- [WHAT TO WORK ON]:
Begin with the first line of the material and write out each line exactly, ending with the line that contains "doc.units = ezdxf.units.MM". Pictures are not part of the copy.

- [SUPPLIED ENTRIES]:
▬▬▬

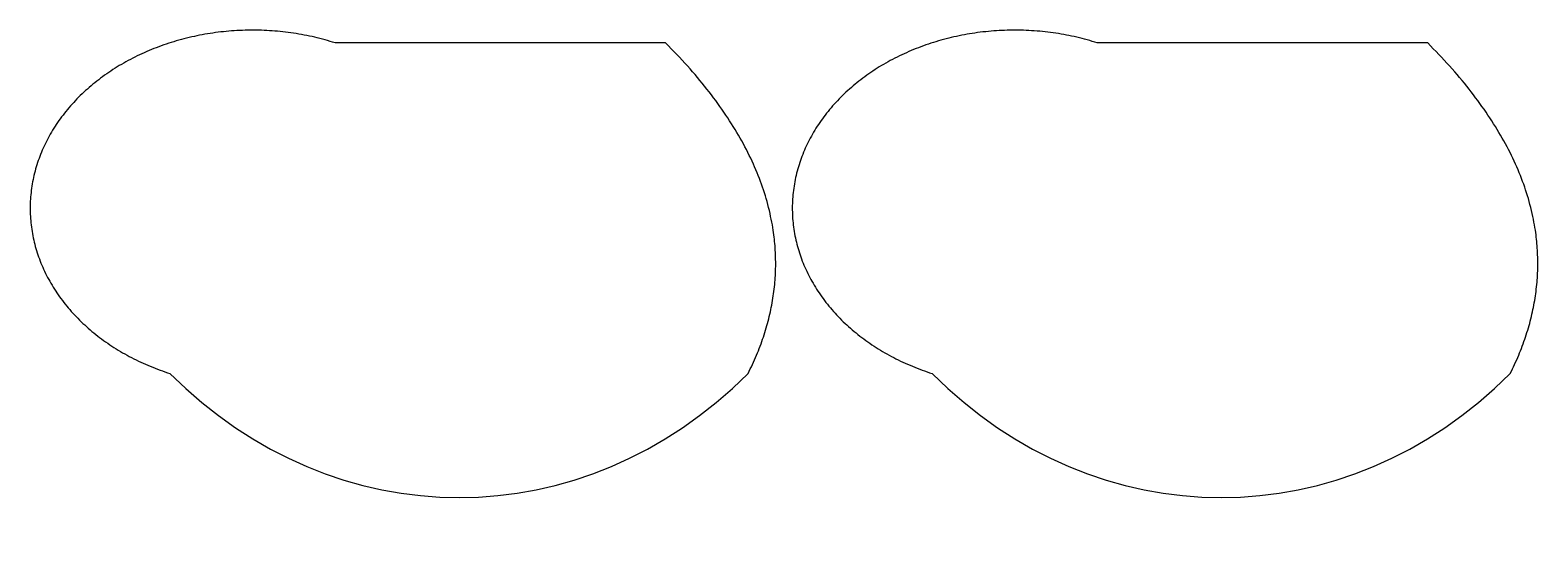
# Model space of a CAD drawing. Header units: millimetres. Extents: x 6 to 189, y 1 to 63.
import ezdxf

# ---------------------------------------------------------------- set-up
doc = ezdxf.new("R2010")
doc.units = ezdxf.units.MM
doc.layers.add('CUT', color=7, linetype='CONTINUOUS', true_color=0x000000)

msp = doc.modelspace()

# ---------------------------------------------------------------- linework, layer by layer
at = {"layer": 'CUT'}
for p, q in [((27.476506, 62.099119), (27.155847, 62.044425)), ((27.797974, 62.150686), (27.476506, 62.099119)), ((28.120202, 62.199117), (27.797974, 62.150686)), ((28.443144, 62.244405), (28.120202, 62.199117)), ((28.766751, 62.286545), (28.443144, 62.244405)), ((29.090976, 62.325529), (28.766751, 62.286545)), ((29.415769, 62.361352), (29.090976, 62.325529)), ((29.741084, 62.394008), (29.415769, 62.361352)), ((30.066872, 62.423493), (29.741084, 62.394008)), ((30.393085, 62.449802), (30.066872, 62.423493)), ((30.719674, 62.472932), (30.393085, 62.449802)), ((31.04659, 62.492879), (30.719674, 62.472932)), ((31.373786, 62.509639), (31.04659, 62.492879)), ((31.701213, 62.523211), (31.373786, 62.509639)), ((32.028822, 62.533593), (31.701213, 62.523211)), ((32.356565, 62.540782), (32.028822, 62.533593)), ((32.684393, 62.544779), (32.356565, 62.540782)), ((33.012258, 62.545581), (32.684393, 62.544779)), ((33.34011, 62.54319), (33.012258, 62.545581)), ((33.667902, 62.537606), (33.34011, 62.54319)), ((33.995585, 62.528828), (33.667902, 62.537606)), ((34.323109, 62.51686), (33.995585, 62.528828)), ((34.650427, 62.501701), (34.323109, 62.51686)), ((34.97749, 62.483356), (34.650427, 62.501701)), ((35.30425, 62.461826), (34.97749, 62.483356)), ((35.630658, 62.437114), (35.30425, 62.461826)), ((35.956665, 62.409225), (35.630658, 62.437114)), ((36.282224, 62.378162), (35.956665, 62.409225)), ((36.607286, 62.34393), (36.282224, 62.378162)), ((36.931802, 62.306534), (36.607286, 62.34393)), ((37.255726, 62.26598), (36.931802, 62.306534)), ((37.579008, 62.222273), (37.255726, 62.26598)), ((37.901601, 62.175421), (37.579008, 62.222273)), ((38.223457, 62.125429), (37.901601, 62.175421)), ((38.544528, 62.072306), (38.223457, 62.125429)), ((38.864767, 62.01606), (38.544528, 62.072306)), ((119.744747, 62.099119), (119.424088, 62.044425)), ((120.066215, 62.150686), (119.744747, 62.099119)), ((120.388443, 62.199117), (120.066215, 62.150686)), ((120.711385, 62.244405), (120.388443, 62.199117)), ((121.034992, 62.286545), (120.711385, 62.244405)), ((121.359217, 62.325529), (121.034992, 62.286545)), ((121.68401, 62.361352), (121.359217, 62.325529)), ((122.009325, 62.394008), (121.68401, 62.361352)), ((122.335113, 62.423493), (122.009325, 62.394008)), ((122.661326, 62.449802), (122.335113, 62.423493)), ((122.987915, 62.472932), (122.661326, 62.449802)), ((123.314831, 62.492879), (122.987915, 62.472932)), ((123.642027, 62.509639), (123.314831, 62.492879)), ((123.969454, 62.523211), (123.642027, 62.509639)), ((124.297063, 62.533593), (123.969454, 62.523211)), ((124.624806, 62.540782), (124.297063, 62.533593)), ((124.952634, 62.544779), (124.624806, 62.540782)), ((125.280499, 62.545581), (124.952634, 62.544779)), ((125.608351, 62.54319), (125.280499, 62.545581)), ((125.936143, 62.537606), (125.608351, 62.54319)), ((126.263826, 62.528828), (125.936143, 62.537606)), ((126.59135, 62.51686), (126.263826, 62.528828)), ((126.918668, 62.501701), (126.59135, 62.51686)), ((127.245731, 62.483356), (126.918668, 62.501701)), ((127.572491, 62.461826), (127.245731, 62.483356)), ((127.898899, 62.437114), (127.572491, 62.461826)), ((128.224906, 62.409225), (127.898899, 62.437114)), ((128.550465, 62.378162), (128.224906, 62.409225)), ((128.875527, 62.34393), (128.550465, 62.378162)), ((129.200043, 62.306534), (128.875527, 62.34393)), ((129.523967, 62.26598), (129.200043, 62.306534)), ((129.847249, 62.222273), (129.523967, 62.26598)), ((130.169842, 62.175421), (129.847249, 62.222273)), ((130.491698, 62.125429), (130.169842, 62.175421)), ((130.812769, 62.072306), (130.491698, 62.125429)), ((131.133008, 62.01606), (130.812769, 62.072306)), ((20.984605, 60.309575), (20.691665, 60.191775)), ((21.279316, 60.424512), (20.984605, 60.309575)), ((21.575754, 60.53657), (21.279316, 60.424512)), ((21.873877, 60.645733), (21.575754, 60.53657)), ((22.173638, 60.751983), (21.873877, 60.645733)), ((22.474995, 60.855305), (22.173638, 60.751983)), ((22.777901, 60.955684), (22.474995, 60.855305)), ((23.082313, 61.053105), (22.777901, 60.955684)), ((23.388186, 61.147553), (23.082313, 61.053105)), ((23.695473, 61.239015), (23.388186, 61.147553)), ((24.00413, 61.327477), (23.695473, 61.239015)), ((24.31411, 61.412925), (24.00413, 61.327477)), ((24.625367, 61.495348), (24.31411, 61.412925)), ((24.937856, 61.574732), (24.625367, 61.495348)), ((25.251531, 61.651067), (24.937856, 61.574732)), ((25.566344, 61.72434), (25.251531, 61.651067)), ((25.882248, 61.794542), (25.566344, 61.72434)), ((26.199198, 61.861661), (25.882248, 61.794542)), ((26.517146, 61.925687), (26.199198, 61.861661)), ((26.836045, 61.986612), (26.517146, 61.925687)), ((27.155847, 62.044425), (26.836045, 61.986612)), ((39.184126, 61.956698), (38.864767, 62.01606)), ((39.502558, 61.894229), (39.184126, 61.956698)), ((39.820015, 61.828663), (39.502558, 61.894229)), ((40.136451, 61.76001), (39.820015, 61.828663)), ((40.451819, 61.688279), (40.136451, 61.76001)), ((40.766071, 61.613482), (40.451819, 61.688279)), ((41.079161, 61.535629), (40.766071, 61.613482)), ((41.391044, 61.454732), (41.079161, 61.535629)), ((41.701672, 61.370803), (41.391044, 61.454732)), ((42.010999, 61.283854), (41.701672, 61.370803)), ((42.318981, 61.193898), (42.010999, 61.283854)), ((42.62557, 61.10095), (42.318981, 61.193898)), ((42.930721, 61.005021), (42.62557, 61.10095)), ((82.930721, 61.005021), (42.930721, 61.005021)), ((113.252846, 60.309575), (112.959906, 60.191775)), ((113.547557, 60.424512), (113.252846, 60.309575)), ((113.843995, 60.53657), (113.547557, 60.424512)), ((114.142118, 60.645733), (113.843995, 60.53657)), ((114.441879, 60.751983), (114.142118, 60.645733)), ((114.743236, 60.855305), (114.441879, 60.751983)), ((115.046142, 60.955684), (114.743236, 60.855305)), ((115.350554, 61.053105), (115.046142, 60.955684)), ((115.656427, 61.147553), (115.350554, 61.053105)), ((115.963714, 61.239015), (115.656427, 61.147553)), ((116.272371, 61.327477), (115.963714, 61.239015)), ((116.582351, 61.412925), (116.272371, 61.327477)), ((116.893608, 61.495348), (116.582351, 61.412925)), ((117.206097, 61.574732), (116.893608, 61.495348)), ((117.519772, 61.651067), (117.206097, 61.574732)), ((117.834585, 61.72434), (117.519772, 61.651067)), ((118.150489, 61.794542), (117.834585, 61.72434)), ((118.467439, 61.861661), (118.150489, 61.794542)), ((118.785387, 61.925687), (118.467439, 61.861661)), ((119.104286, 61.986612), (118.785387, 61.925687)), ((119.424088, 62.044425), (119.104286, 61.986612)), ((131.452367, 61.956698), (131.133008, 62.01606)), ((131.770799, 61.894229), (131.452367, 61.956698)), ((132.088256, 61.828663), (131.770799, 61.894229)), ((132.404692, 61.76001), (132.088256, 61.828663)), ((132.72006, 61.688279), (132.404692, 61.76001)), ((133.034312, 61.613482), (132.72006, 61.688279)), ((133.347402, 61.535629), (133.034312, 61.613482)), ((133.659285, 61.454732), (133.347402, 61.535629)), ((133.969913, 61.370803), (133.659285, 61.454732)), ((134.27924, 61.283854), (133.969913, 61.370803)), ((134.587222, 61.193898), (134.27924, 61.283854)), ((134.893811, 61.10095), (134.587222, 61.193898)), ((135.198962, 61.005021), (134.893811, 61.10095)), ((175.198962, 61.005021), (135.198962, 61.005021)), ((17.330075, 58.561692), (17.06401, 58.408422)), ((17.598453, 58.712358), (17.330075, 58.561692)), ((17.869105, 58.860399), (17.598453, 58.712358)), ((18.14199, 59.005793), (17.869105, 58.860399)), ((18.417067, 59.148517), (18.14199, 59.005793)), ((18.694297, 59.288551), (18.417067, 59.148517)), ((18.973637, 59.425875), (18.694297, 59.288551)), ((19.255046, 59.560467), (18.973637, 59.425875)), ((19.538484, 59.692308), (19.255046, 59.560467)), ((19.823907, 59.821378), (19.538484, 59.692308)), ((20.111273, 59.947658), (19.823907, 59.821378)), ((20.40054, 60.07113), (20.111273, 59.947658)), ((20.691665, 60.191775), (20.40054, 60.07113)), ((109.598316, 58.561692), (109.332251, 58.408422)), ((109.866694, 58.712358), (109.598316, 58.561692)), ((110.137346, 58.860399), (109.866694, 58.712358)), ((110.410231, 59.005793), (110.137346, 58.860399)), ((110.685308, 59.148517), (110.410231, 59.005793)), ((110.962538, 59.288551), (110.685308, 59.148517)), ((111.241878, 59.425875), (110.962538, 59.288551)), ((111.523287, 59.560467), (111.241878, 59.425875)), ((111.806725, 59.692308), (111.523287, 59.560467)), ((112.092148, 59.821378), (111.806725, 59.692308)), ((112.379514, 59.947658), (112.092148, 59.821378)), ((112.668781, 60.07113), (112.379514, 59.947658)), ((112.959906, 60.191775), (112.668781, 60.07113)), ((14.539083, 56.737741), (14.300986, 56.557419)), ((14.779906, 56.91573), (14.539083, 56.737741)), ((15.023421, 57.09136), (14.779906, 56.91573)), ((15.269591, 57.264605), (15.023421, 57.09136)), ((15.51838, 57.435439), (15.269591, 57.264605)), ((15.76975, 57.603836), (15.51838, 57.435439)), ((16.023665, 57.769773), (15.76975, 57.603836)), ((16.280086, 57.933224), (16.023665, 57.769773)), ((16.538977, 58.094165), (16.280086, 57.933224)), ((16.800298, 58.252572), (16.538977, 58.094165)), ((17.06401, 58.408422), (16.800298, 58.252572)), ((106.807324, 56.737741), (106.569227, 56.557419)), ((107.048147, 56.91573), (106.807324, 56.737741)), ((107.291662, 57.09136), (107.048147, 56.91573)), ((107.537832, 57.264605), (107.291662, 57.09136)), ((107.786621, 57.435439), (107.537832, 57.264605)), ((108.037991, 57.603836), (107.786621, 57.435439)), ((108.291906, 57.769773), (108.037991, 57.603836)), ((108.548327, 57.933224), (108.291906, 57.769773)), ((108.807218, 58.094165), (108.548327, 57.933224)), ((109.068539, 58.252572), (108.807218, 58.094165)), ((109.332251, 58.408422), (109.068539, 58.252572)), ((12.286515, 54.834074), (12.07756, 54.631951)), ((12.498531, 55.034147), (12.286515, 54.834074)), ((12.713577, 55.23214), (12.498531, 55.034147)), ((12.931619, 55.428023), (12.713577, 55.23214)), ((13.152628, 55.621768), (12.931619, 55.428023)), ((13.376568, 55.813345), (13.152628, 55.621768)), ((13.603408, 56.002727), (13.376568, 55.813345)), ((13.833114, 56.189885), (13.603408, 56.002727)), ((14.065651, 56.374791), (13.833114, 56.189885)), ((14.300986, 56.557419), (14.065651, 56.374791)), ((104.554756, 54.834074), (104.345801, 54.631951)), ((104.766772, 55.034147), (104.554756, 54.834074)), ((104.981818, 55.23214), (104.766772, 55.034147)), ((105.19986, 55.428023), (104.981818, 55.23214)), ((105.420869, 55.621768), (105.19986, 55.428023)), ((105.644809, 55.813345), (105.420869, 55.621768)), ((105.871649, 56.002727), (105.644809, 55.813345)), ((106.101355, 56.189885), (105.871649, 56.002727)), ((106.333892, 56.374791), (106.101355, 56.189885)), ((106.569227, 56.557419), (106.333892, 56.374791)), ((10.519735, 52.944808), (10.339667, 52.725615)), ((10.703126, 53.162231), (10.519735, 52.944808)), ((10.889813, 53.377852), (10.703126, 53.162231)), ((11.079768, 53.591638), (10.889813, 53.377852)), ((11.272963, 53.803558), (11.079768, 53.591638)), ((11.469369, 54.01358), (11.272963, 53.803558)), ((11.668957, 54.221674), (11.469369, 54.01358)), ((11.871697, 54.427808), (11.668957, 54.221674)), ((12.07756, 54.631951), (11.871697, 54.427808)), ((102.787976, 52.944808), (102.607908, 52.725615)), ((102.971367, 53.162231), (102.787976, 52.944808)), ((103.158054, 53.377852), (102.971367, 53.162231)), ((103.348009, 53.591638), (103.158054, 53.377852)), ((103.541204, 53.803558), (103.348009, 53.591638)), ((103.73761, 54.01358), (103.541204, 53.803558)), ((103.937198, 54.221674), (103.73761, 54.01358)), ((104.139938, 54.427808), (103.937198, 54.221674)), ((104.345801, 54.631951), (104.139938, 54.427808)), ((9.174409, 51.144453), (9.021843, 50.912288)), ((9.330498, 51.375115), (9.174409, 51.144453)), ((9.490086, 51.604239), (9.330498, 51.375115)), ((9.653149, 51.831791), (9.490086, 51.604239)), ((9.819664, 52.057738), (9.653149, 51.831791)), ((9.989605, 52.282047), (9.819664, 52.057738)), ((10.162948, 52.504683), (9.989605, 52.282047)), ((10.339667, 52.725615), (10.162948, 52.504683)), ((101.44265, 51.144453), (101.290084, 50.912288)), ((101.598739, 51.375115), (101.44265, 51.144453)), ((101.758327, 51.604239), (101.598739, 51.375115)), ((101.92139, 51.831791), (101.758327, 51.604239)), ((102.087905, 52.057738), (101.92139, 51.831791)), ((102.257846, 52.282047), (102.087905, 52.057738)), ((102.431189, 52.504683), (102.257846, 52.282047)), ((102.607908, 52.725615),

▬▬▬

- [EXPECTED ANSWER]:
# Model space of a CAD drawing. Header units: millimetres. Extents: x 6 to 189, y 1 to 63.
import ezdxf

# ---------------------------------------------------------------- set-up
doc = ezdxf.new("R2010")
doc.units = ezdxf.units.MM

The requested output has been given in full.